「よし、とりあえず名義人は確保できたな」
久恵がそう言って腰を降ろした瞬間、千春がボソッと言った。
「そう言えばさ、
久恵の爺様、小学校の近くで町工場やってたよな。
釘か何か作る鉄工所」
「ん?
ああ、けっこう前に廃業したよ、腰がイテーとか言って。
昔よく、学校帰りに寄ったよな」
「あそこってさ、今はどうなってんの?」
「……。
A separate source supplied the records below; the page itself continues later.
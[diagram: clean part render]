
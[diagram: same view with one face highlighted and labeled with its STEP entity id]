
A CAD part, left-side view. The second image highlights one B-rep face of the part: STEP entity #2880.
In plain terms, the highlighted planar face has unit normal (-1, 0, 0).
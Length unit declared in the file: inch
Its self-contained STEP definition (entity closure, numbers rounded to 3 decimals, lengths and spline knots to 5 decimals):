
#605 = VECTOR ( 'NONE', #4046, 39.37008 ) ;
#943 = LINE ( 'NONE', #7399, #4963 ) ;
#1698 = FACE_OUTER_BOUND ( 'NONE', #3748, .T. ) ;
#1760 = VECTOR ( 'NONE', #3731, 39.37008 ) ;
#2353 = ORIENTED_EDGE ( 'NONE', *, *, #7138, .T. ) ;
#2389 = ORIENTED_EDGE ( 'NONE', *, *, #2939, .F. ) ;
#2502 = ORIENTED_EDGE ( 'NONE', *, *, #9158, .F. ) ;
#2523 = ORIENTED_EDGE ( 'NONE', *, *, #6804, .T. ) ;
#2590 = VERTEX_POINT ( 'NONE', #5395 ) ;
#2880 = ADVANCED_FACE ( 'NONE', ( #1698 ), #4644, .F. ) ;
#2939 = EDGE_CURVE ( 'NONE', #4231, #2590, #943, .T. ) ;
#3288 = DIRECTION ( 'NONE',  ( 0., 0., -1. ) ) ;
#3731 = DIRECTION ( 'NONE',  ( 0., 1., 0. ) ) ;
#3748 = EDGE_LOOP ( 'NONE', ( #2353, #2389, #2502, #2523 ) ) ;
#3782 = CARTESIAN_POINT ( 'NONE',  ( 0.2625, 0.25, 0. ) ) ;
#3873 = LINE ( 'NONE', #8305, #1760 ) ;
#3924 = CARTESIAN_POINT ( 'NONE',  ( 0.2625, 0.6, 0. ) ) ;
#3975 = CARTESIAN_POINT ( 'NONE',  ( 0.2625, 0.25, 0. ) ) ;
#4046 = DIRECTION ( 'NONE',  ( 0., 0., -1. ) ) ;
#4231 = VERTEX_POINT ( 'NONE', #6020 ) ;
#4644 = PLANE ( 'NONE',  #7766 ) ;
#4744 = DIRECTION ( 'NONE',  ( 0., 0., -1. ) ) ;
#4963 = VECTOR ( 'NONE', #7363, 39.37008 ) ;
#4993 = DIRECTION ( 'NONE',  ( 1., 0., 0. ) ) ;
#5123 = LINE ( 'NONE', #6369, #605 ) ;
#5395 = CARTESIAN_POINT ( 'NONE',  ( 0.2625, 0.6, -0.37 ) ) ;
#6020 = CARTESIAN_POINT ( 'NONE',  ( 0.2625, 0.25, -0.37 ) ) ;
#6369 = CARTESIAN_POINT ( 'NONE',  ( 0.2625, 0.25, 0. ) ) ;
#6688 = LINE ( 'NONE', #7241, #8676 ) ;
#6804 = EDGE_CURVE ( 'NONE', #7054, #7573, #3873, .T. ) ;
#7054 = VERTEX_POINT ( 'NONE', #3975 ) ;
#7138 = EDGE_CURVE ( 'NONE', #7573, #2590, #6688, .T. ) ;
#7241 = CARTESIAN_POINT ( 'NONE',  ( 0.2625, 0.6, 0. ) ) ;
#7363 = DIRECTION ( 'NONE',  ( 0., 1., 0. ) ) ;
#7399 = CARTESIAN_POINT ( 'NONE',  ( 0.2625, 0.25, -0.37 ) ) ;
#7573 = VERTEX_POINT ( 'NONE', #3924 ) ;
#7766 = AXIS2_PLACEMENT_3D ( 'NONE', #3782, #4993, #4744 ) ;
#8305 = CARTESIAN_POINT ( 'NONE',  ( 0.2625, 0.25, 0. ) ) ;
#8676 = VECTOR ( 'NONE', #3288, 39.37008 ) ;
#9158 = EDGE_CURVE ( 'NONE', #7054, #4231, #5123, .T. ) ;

」
次の瞬間、
久恵は再び立ち上がり、勢い良く窓を開けた。
「爺ちゃん!!」
「ほんでな、高坊が芋に塩ふるとウメーってんで、わすらもマネすて皮ごとガブリって…」
「まだ喋ってたの!?
つーか爺ちゃん!あそこ今はどうなってんの!
爺ちゃんの町工場!!」
「鉄工所け?
どうもこうも、はずめは売りにでも出そうかと思ったけんど、依託業者に依頼しようにも、買い手が付くまで管理してもらうのにも金さかかるってんで、
ほんなら、久恵が婿を貰った時にでも、土地ごと婿さやって、二人で仲良く自営業でも開業すればええなって思ってそのままにしてるけんど」
「そのまま!?
つまり、工場の中は自由に使えるって事!?」
「そりゃまあ、ワシの土地じゃから使えるけんど」
「……。」
久恵は私達に振り返り、ニヤッと笑った。